Land the crucial missing factor
THERE has been plenty of talk recently about Australia’s two-speed economy. It’s party time for the mining industry, which is swimming in extra cash – exhibit A is BHP Billiton’s $22.6 billion annual profit announced a little more than a week ago. However, many other business sectors, including retail, manufacturing and exporters, are on struggle street and cutting jobs.
A two-speed economy is a tricky one to control for our governments and the independent Reserve Bank of Australia as efforts to fix things in one area can make another area sick. How the authorities get us out of this one will be interesting to watch.
Just like the national economy, South Australia’s real estate market is displaying more than one speed.
Unfortunately for investors and sellers, some of those speeds are in reverse.

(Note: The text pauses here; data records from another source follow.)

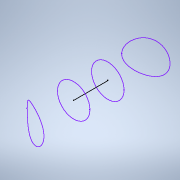
# Autodesk Inventor part: HandleRod1
Saved by Autodesk Inventor 2021 (Build 250183000, 183)
## iProperties
Created: 2021-06-03
Part Number: HandleRod1
Material: Generic
Document SubType Name: Modeling
Designer: teh18
Density: 1 g/cm^3
Appearance: Default
Author: teh18
Autodesk Inventor part; units mm, degrees
ref_plane "YZ Plane" through (0, 0, 0) normal (1, 0, 0) x (0, 1, 0)
ref_plane "XZ Plane" through (0, 0, 0) normal (0, 1, 0) x (-1, 0, 0)
ref_plane "XY Plane" through (0, 0, 0) normal (0, 0, 1) x (1, 0, 0)
ref_plane "Work Plane4" through (66.1421, 0, 10) normal (0, 0, -1) x (-1, 0, 0)
ref_plane "Work Plane2" through (66.1421, 0, 20) normal (0, 0, -1) x (-1, 0, 0)
ref_plane "Work Plane3" through (0, 0, 0) normal (0, 0, 1) x (1, 0, 0)
sketch "Sketch3" plane through (66.1421, 0, 10) normal (0, 0, -1) x (-1, 0, 0)
  circle A0 centre (51.9367, 20) radius 9.525 projected
  point P0 (66.1421, 0)
extrude "Extrusion1" add sketch "Sketch3" along normal mid plane 80
sketch "Sketch4" plane through (14.2054, 20, 50) normal (0, 0, 1) x (1, 0, 0)
  circle A0 centre (0, 0) radius 9.525 projected
  point P0 (-14.2054, -20)
ref_plane "Work Plane5" through (29.321, 40, 10) normal (0, 1, 0) x (-1, 0, 0)
sketch "Sketch5" plane through (29.321, 40, 10) normal (0, 1, 0) x (-1, 0, 0)
  line L0 (-36.821, 10) -> (29.321, 10) projected
  line L1 (29.321, 10) -> (29.321, -10) projected
  line L2 (29.321, -10) -> (-36.821, -10) projected
  arc A0 (-36.821, -10) -> (34.3068, -13.5) centre (-0.679, 0) ccw projected
  line L3 (34.3068, -13.5) -> (39.3068, -13.5) projected
  line L4 (39.3068, -13.5) -> (43.0149, 0) projected
  line L5 (43.0149, 0) -> (39.3068, 13.5) projected
  line L6 (39.3068, 13.5) -> (34.3068, 13.5) projected
  arc A1 (34.3068, 13.5) -> (-36.821, 10) centre (-0.679, 0) ccw projected
  line L7 (5.5907, -10) -> (24.6407, -10) projected
  line L8 (5.5907, -10) -> (24.6407, -10) projected
  line L9 (24.6407, 10) -> (5.5907, 10) projected
  arc A2 (2.1162, -37.3957) -> (28.5539, -23.4881) centre (-0.679, 0) ccw
  arc A3 (28.5539, 23.4881) -> (2.1162, 37.3957) centre (-0.679, 0) ccw
  line L10 (28.5539, -66.6217) -> (28.5539, -23.4881)
  line L11 (28.5539, 23.4881) -> (28.5539, 69.2229)
  line L12 (2.1162, -66.6217) -> (2.1162, -37.3957)
  line L13 (2.1162, 37.3957) -> (2.1162, 69.2229)
  line L14 (28.5539, -66.6217) -> (2.1162, -66.6217)
  line L15 (28.5539, 69.2229) -> (2.1162, 69.2229)
  point P0 (28.5539, -23.4881)
  point P1 (2.1162, -37.3957)
  point P2 (2.1162, 37.3957)
  constraints: 14 end point, 4 point on circle, 4 vertical, 2 centre point, 1 coincident, 1 horizontal, 1 parallel
extrude "Extrusion2" cut sketch "Sketch5" against normal blind 30 contours L13 L15 L11 A1 | A0 L10 L14 L12
body "Solid1"

The latest data from the State Government shows metropolitan Adelaide’s median house price slumped 1.2 per cent last financial year to $405,000.
There were some positive pockets, with central metro Adelaide up 0.7 per cent but inner metro Adelaide took a beating, down 3.1 per cent to $618,500.
Adelaide apartment sales halved in number and the median price slumped 12.7 per cent to $370,800.
Our country property fared better, although the median house price for rural growth areas was still down 0.6 per cent overall to $268,500. Such regional centres as Port Augusta (up 8.5 per cent), Mount Gambier (up 5.7 per cent) and Port Pirie (up 4.7 per cent) bucked the trend.
However, my spies tell me that several towns outside the mining hot zones are doing it tough, with a glut of houses that just aren’t selling.
So how do we react to this multi-speed property market?
Well, don’t expect much from state or federal governments, which are up to their necks in other issues.
And the Reserve Bank isn’t going to take SA into account too much when it decides on its next interest rate rise or fall, considering we’re a relatively small part of the national economy.
For property investors, the key is to avoid trying to time the market. Take a long-term approach and ignore the short-term ups and downs as these current falls may be among the most volatile SA’s real estate sector has seen for many years.
Trying to time the market is also dangerous for home buyers and sellers. If you buy and sell in the same market, whether it’s rising or falling, it’s unlikely you will be a long-term loser.
The biggest risk – particularly in today’s climate – is to buy a new home without selling your existing home. Not only is there likely to be painful bridging finance, the chance that the home you’re selling won’t fetch what you need is higher than normal.
Patience and a commonsense approach are the best way to survive a market that’s going both forwards and backwards.